* Directions: Within the listing below, please copy exactly the lines between the line holding "Circle(F10_R_2, mode=Mode.SUBTRACT)" and the line holding "88.7584931427), (31.7533929121, 88.7590366495))", inclusive.
——
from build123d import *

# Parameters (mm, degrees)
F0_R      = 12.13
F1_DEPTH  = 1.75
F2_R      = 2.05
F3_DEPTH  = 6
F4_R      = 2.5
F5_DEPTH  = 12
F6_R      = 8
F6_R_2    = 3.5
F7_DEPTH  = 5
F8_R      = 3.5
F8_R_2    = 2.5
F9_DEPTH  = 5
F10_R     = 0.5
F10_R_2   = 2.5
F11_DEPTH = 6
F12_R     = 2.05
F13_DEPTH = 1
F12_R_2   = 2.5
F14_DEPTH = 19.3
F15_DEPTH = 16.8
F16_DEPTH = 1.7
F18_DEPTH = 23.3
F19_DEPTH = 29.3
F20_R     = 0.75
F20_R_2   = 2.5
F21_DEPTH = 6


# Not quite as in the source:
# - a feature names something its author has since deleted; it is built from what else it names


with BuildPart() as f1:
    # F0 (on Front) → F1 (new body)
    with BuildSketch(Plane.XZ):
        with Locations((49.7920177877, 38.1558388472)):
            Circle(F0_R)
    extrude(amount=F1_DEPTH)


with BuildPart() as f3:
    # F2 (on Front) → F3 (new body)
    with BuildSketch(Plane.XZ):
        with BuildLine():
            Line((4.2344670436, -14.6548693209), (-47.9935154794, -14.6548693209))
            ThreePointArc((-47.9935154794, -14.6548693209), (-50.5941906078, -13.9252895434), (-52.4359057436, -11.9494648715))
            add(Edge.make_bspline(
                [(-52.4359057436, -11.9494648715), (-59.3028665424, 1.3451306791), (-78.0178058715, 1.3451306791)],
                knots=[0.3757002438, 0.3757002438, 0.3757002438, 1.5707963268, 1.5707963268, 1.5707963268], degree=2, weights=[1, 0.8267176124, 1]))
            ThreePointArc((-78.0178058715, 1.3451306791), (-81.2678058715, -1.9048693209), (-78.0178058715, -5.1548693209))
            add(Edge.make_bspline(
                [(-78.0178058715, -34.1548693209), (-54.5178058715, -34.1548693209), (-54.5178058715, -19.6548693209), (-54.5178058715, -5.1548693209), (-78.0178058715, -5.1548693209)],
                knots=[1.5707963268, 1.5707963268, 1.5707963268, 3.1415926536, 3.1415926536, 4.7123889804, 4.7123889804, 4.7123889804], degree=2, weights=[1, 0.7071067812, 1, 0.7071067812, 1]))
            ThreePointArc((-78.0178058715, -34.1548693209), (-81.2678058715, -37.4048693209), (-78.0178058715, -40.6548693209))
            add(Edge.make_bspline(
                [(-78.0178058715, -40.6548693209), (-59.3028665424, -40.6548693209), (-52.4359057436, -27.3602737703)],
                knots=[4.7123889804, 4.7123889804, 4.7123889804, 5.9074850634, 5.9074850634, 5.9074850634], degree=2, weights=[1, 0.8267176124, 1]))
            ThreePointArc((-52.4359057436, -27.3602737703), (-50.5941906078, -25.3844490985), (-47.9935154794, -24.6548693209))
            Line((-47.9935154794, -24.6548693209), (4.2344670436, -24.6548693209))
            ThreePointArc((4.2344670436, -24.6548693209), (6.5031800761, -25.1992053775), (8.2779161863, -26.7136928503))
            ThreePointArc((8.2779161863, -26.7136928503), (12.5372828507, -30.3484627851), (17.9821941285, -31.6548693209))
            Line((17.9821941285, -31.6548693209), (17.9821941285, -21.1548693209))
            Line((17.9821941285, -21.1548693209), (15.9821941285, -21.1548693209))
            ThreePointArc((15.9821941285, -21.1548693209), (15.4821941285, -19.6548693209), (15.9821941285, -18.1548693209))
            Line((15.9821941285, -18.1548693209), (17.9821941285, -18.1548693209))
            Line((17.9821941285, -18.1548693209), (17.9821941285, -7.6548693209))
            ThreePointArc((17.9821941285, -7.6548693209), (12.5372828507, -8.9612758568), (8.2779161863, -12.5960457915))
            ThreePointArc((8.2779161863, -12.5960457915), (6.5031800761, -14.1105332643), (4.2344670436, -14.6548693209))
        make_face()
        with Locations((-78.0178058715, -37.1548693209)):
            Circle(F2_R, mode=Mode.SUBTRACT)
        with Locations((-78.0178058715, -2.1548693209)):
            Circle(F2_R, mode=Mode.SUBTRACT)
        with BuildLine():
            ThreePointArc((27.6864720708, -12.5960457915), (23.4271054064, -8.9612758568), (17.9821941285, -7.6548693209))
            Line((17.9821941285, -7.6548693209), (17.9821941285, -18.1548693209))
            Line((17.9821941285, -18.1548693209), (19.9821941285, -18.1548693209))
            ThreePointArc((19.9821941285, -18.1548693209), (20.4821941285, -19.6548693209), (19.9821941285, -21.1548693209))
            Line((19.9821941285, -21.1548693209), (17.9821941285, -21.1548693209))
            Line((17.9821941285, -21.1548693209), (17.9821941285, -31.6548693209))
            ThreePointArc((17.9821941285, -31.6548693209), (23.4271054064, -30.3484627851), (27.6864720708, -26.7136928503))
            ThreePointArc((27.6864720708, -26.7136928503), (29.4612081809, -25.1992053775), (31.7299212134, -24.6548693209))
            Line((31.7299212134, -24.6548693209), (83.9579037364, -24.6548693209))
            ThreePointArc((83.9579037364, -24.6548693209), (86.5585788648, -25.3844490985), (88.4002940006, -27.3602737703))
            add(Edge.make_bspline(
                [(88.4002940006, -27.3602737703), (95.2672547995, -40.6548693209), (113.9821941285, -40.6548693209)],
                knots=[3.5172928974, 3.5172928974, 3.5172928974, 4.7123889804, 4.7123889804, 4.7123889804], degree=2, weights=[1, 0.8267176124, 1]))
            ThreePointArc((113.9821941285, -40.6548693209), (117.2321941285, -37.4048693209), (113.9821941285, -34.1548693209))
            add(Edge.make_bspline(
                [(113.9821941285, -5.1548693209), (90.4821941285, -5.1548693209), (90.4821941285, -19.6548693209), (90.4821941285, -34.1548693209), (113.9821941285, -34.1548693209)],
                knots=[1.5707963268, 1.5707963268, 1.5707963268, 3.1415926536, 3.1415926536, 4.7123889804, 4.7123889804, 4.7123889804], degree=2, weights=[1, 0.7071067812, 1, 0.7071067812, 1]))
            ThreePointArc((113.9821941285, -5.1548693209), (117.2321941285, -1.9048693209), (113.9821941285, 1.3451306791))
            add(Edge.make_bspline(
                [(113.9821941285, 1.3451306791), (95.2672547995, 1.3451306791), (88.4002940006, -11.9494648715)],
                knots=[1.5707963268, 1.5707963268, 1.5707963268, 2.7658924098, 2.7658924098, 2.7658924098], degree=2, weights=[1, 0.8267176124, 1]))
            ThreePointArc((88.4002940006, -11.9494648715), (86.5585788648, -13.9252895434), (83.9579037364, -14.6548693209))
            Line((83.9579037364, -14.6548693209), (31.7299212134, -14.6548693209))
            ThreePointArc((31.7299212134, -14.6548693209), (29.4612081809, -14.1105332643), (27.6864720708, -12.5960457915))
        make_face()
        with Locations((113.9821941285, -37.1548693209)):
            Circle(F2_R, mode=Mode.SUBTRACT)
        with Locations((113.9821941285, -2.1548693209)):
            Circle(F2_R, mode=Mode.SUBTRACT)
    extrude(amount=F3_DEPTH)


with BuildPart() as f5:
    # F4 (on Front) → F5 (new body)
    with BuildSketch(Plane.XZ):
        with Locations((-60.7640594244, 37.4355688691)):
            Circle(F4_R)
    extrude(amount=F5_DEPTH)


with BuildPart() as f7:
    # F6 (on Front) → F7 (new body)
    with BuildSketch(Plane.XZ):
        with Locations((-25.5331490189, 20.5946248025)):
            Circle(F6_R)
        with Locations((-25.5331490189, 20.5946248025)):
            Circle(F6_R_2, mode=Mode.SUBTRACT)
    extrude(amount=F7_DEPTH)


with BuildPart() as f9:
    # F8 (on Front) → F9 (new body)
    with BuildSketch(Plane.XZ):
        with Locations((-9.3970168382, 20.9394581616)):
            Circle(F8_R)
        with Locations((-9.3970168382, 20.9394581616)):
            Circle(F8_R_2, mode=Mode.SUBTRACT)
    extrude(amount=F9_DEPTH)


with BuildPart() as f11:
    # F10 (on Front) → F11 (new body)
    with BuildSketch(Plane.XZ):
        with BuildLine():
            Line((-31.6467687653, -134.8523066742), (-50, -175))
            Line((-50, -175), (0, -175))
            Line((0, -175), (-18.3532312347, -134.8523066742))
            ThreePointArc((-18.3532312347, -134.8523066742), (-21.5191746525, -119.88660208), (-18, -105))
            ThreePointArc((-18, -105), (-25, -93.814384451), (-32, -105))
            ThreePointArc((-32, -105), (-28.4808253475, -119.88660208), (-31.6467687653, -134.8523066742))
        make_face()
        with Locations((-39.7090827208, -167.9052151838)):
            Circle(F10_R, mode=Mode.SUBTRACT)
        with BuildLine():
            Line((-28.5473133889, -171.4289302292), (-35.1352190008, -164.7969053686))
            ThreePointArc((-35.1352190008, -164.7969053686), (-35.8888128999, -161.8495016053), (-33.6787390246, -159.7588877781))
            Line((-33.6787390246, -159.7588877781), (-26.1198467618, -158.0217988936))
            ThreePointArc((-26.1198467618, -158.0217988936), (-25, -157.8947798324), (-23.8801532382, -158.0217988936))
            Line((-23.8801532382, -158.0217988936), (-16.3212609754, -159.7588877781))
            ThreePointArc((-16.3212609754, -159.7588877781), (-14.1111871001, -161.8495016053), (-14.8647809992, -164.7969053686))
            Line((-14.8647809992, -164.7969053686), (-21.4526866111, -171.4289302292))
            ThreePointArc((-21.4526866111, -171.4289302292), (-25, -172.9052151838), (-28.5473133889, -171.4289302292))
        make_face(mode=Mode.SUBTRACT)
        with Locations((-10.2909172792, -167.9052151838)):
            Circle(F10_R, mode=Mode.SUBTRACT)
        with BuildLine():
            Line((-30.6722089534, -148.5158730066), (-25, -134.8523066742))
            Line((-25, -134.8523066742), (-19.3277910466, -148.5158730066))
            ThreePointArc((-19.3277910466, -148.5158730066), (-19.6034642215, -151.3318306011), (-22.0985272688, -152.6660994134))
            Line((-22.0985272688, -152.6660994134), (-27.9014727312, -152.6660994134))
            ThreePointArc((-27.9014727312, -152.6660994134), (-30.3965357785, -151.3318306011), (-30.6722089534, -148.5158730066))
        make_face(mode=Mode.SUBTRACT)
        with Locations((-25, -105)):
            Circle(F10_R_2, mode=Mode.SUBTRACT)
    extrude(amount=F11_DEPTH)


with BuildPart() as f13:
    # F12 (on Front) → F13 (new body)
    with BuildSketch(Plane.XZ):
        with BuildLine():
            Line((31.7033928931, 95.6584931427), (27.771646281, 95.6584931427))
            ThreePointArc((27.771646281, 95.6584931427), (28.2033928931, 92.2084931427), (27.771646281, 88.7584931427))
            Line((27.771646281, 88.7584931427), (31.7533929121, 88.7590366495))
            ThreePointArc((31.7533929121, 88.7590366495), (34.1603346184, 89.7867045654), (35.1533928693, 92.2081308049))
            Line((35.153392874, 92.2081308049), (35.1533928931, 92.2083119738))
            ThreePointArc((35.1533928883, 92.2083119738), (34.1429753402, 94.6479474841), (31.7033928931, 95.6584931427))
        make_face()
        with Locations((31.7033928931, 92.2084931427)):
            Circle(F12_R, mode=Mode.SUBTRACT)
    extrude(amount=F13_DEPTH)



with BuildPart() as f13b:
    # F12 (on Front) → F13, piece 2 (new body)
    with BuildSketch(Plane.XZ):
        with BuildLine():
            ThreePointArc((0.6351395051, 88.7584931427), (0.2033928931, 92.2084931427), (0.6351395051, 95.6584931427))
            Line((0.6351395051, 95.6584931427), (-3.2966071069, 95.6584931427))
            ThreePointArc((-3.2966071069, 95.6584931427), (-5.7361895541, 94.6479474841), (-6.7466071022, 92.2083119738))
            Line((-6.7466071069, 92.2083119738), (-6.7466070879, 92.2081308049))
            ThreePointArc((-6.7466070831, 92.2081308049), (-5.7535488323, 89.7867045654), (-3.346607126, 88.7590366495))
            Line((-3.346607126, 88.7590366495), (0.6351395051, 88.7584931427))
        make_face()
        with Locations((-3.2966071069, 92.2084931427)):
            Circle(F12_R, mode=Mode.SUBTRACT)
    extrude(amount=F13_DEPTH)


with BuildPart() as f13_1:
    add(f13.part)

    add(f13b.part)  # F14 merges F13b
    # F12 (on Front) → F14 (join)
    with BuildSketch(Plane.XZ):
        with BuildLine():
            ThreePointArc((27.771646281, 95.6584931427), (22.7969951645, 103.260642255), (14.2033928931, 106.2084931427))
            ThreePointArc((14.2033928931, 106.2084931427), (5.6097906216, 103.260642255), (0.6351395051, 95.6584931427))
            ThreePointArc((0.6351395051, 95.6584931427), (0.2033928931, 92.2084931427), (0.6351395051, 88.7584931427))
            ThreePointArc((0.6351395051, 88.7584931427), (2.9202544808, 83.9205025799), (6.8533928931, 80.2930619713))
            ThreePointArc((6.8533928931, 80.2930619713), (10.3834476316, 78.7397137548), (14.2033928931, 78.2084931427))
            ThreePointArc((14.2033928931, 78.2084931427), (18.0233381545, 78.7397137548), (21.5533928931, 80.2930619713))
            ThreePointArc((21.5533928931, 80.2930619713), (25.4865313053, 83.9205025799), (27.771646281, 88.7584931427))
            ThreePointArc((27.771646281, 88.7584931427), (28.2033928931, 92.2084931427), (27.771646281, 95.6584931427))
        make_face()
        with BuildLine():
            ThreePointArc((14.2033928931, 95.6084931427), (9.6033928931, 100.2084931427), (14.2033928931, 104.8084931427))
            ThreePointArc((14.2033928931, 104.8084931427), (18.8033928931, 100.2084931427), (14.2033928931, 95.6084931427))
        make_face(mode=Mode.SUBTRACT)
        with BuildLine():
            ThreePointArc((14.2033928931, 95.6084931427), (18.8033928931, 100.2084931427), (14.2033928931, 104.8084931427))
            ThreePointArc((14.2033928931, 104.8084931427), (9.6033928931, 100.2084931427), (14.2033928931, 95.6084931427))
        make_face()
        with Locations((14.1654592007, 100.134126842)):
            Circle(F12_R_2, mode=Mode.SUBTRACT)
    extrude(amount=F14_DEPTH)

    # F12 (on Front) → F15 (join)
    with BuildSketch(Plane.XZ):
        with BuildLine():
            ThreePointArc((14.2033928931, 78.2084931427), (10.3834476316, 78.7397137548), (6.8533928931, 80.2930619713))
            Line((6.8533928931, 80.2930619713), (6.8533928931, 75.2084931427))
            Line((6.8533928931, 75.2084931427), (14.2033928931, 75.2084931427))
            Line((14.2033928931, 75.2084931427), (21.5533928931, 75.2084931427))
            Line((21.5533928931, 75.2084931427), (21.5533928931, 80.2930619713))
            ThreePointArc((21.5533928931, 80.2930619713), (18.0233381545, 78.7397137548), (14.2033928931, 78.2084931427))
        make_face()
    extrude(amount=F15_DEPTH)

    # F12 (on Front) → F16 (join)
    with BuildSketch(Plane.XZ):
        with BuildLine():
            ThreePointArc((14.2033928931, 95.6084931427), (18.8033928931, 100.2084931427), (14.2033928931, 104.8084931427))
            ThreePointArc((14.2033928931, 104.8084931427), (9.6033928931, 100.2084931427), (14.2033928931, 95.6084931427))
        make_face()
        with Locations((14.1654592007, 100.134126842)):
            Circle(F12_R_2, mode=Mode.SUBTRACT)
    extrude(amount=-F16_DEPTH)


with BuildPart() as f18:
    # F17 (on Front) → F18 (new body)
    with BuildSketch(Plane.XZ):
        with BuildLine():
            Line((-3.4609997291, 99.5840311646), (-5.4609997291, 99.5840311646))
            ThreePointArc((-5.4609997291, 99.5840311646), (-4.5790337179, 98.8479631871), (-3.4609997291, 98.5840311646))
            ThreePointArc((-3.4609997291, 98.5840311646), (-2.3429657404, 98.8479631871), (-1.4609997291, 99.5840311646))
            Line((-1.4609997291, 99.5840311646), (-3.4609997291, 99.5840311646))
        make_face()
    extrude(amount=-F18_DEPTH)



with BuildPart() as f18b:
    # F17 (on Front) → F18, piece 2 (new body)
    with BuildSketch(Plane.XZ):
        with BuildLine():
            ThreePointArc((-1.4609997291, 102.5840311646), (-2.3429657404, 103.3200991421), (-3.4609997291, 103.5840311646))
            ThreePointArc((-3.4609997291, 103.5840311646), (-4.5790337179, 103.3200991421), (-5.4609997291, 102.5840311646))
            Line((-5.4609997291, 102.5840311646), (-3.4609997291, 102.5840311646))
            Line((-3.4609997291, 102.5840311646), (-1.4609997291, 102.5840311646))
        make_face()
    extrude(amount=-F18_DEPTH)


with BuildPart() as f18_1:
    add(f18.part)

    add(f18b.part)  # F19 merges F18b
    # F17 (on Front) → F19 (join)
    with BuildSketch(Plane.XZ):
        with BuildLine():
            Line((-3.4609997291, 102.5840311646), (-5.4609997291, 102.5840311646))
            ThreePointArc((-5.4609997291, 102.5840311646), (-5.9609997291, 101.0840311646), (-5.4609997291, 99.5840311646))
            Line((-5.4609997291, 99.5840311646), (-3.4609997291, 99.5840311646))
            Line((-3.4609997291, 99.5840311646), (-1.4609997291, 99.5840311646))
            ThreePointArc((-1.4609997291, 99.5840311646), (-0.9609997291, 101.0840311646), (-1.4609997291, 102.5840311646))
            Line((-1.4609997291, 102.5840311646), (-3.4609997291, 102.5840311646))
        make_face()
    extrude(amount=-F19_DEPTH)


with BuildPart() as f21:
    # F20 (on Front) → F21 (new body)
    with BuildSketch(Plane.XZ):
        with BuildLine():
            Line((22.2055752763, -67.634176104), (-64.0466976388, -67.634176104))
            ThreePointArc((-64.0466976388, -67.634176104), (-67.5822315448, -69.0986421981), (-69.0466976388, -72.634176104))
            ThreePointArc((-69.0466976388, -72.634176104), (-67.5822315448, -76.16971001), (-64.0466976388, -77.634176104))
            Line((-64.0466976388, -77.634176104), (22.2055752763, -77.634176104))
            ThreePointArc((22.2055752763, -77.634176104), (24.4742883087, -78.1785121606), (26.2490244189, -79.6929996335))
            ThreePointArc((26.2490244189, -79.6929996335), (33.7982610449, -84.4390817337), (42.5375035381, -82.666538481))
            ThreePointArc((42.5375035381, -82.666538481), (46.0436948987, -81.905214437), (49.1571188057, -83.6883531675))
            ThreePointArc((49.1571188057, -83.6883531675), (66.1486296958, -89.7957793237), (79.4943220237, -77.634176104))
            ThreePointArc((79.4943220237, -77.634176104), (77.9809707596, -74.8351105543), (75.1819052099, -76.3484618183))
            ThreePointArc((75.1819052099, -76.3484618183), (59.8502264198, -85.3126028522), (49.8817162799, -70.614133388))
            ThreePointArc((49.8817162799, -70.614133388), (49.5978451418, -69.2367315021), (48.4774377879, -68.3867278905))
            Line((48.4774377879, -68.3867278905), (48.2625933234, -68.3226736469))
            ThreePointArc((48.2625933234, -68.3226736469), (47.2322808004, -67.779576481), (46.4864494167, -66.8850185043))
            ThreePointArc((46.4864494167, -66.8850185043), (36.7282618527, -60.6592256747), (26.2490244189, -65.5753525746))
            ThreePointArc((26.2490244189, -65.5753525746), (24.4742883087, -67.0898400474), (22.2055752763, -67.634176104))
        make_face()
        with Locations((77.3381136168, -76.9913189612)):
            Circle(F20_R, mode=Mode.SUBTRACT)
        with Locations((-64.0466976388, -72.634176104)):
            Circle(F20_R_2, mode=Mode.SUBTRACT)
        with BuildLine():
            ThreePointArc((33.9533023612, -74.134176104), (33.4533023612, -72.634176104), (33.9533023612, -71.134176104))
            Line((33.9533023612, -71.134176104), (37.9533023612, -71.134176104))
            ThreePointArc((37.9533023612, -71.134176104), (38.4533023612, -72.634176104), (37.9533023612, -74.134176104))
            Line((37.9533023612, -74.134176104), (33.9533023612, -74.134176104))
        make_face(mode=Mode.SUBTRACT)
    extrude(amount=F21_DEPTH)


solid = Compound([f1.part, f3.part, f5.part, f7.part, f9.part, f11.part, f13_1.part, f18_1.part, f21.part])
——
* Task solution:
            Circle(F10_R_2, mode=Mode.SUBTRACT)
    extrude(amount=F11_DEPTH)


with BuildPart() as f13:
    # F12 (on Front) → F13 (new body)
    with BuildSketch(Plane.XZ):
        with BuildLine():
            Line((31.7033928931, 95.6584931427), (27.771646281, 95.6584931427))
            ThreePointArc((27.771646281, 95.6584931427), (28.2033928931, 92.2084931427), (27.771646281, 88.7584931427))
            Line((27.771646281, 88.7584931427), (31.7533929121, 88.7590366495))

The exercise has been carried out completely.